From ethnic composition to the "liberal dome" we live under, San Francisco is very different from other places. We think things are funny that shock people from other regions. We take a certain range of social experimentation as the norm. In the small town we used to live in, those things were meant to be kept well inside of the house and not shown publicly. Her in the Bay area, our hypocrisy is a little different than the rest of the world. We're often closet conservatives.

There's a hook there. We ended up in San Francisco by way of a little, very conservative town. Our hearts had been left in San Francisco but our tails were in the Right Wing Rotary club. We'd read about the goings on on the West Coast under the cover of darkness so to speak.

Life is less censored in really big cities and you can find just about anything you want if the city is big enough.

So, if Craigslist trolls for the San Francisco component of the cities they're growing into, they'll have some luck. It's a huge market and there is lots of room for lots of offerings. But, the only people who think that San Francisco is a good preparation for New York live in San Francisco.

On one level, it only takes about 10,000 people to make Craigslist work. From that angle, there's room for 1,000 Craigslist variants in NYC. It's entirely possible, in other words to generate a financial home run with a New York outlet and never come to grips with the regional realities of the big Apple. In that case, the question of what constitutes success is key.

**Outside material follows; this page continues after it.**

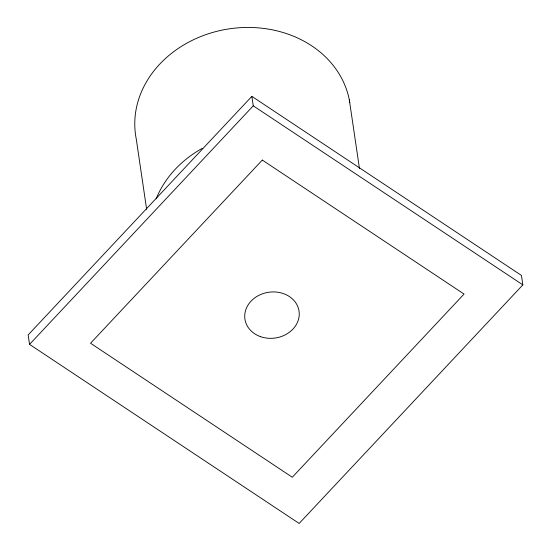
<?xml version="1.0" encoding="UTF-8"?>
<svg xmlns="http://www.w3.org/2000/svg" width="551" height="551" viewBox="0 0 551 551"><rect width="100%" height="100%" fill="white"/><g stroke="black" fill="none" stroke-linecap="round" stroke-linejoin="round"><path stroke-width="0.83" d="M251.855 96.37L28.149 334.939L29.547 344.389L299.145 523.45L522.851 284.881L521.453 275.431L251.855 96.37L253.253 105.826L522.851 284.881M29.547 344.389L253.253 105.826M349.327 99.869L359.466 168.537M146.635 209.311L136.249 138.955A108.34 91.576 -8.4 0 1 226.495 29.286A108.34 91.576 -8.4 0 1 349.775 102.383M156.174 198.877A108.34 91.576 -8.4 0 1 202.217 148.357M262.31 160.072L90.543 343.245L292.292 477.242L464.059 294.069L262.31 160.072M260.595 336.675A27.357 23.121 -8.4 0 0 299.138 311.852A27.357 23.121 -8.4 0 0 256.222 296.858A27.357 23.121 -8.4 0 0 260.595 336.675"/></g></svg>

You might take a look at MediaBistro, a somewhat less pretentious version of Craig'sList, based in New York but targeted at a region of industry rather than geography. Focused tightly on upwardly mobile media people, MediaBistro offers trade news, shows for media folks, job listings and employer services. While it wants to be National (we're guessing that National Ambition is a drug resistant disease), it's heart is in New York.

Like Craig's, MediaBistro really is a party masquerading as a website. But, it's a New York party. And, interestingly, media people like to go to New York parties.


Sometimes, we feel like the venerable Pooh Bear. There's an important point lurking just beneath the apparent ramblings.

Yes Craigslist can make it in New York; No They won't save the world; Maybe no one will even notice; They could still be very profitable.

Yes MediaBistro can go National; Yes, no one might notice; Yes they could still be very profitable.

The problem, we think, is that no one, us included, is very good at talking about just how potent tiny little niches of 10,000 really are. In the staffing business, 10,000 active professionals who changed jobs every 5 years would constitute a $30,000,000/year business. While it's no Monster Board, it is nearly 10% of their current revenue. And, it can be run by a small staff.

Ultimately, the small operations will prevail as the bulk of the market.